** What you should do **
No image is to be carried over; reproduce the rest of the listing word for word.

■ ■ ■ ■ ■

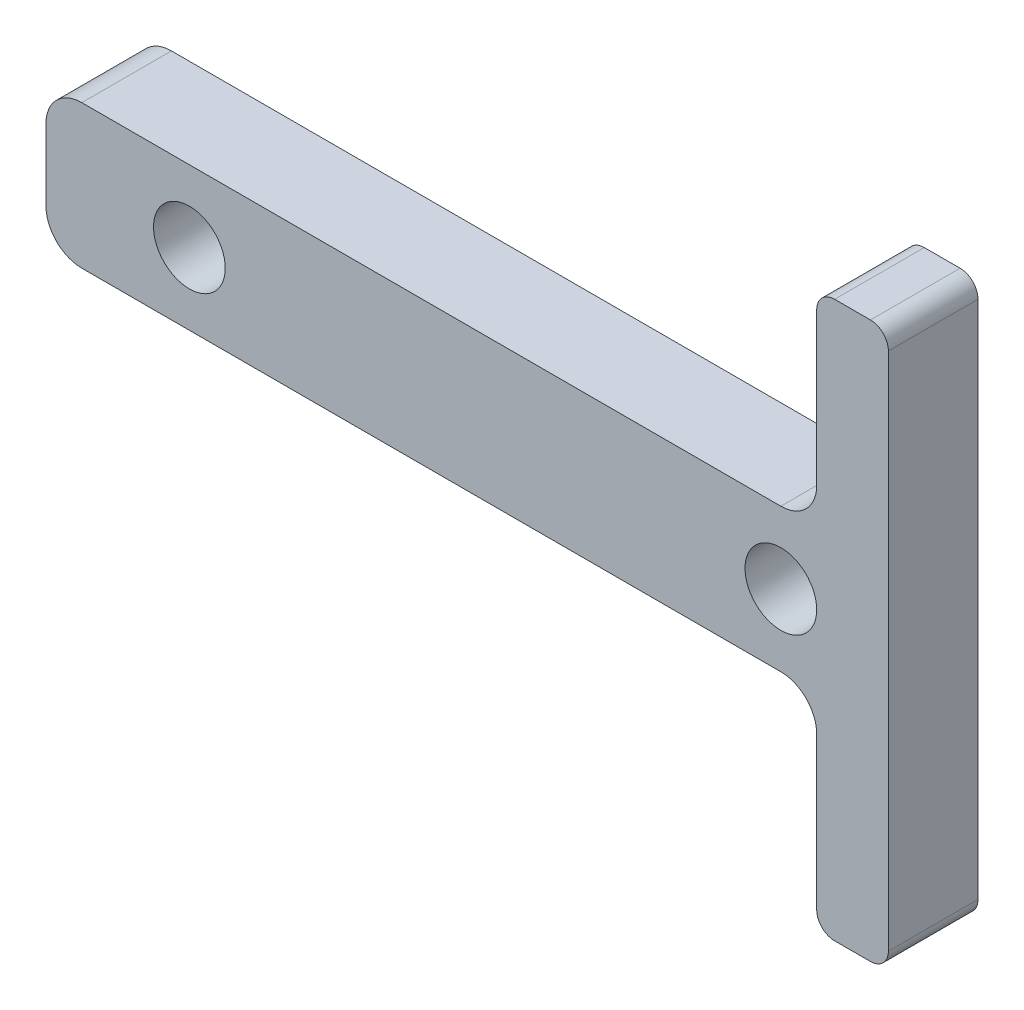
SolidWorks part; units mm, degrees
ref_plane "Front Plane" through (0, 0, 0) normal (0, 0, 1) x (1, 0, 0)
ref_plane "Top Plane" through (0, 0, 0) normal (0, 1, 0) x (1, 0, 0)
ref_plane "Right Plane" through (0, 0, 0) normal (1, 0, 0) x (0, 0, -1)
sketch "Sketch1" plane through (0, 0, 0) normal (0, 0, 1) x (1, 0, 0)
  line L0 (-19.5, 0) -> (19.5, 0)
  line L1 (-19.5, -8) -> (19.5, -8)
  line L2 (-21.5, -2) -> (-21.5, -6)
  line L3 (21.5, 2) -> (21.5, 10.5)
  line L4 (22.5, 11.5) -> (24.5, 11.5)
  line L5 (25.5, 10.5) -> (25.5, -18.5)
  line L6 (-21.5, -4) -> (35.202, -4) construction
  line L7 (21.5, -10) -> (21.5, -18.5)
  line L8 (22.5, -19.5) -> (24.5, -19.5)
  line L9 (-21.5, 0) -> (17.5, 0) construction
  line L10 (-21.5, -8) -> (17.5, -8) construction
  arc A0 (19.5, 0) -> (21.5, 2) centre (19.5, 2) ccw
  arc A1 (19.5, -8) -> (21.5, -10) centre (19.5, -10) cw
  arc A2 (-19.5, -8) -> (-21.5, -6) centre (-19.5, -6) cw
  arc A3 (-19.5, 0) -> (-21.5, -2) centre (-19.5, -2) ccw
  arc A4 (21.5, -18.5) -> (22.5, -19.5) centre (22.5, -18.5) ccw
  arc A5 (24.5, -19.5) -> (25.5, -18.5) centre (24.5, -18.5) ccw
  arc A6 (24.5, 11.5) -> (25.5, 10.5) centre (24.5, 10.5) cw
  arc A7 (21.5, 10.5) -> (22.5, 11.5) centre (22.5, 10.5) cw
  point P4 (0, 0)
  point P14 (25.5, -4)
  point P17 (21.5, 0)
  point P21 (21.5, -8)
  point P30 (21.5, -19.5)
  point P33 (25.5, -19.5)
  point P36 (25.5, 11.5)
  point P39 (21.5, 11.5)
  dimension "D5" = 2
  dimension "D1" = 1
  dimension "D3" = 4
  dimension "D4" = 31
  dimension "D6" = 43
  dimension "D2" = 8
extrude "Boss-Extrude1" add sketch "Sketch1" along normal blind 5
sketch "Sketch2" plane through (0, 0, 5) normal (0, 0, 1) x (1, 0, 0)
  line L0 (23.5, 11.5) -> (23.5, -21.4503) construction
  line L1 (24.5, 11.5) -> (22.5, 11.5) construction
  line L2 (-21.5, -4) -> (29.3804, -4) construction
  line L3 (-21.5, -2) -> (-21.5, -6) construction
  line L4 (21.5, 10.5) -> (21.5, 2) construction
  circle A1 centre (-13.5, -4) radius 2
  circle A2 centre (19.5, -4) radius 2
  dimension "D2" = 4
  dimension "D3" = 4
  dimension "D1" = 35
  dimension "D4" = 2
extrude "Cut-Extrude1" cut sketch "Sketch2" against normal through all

■ ■ ■ ■ ■

** Written answer **
SolidWorks part; units mm, degrees
ref_plane "Front Plane" through (0, 0, 0) normal (0, 0, 1) x (1, 0, 0)
ref_plane "Top Plane" through (0, 0, 0) normal (0, 1, 0) x (1, 0, 0)
ref_plane "Right Plane" through (0, 0, 0) normal (1, 0, 0) x (0, 0, -1)
sketch "Sketch1" plane through (0, 0, 0) normal (0, 0, 1) x (1, 0, 0)
  line L0 (-19.5, 0) -> (19.5, 0)
  line L1 (-19.5, -8) -> (19.5, -8)
  line L2 (-21.5, -2) -> (-21.5, -6)
  line L3 (21.5, 2) -> (21.5, 10.5)
  line L4 (22.5, 11.5) -> (24.5, 11.5)
  line L5 (25.5, 10.5) -> (25.5, -18.5)
  line L6 (-21.5, -4) -> (35.202, -4) construction
  line L7 (21.5, -10) -> (21.5, -18.5)
  line L8 (22.5, -19.5) -> (24.5, -19.5)
  line L9 (-21.5, 0) -> (17.5, 0) construction
  line L10 (-21.5, -8) -> (17.5, -8) construction
  arc A0 (19.5, 0) -> (21.5, 2) centre (19.5, 2) ccw
  arc A1 (19.5, -8) -> (21.5, -10) centre (19.5, -10) cw
  arc A2 (-19.5, -8) -> (-21.5, -6) centre (-19.5, -6) cw
  arc A3 (-19.5, 0) -> (-21.5, -2) centre (-19.5, -2) ccw
  arc A4 (21.5, -18.5) -> (22.5, -19.5) centre (22.5, -18.5) ccw
  arc A5 (24.5, -19.5) -> (25.5, -18.5) centre (24.5, -18.5) ccw
  arc A6 (24.5, 11.5) -> (25.5, 10.5) centre (24.5, 10.5) cw
  arc A7 (21.5, 10.5) -> (22.5, 11.5) centre (22.5, 10.5) cw
  point P4 (0, 0)
  point P14 (25.5, -4)
  point P17 (21.5, 0)
  point P21 (21.5, -8)
  point P30 (21.5, -19.5)
  point P33 (25.5, -19.5)
  point P36 (25.5, 11.5)
  point P39 (21.5, 11.5)
  dimension "D5" = 2
  dimension "D1" = 1
  dimension "D3" = 4
  dimension "D4" = 31
  dimension "D6" = 43
  dimension "D2" = 8
extrude "Boss-Extrude1" add sketch "Sketch1" along normal blind 5
sketch "Sketch2" plane through (0, 0, 5) normal (0, 0, 1) x (1, 0, 0)
  line L0 (23.5, 11.5) -> (23.5, -21.4503) construction
  line L1 (24.5, 11.5) -> (22.5, 11.5) construction
  line L2 (-21.5, -4) -> (29.3804, -4) construction
  line L3 (-21.5, -2) -> (-21.5, -6) construction
  line L4 (21.5, 10.5) -> (21.5, 2) construction
  circle A1 centre (-13.5, -4) radius 2
  circle A2 centre (19.5, -4) radius 2
  dimension "D2" = 4
  dimension "D3" = 4
  dimension "D1" = 35
  dimension "D4" = 2
extrude "Cut-Extrude1" cut sketch "Sketch2" against normal through all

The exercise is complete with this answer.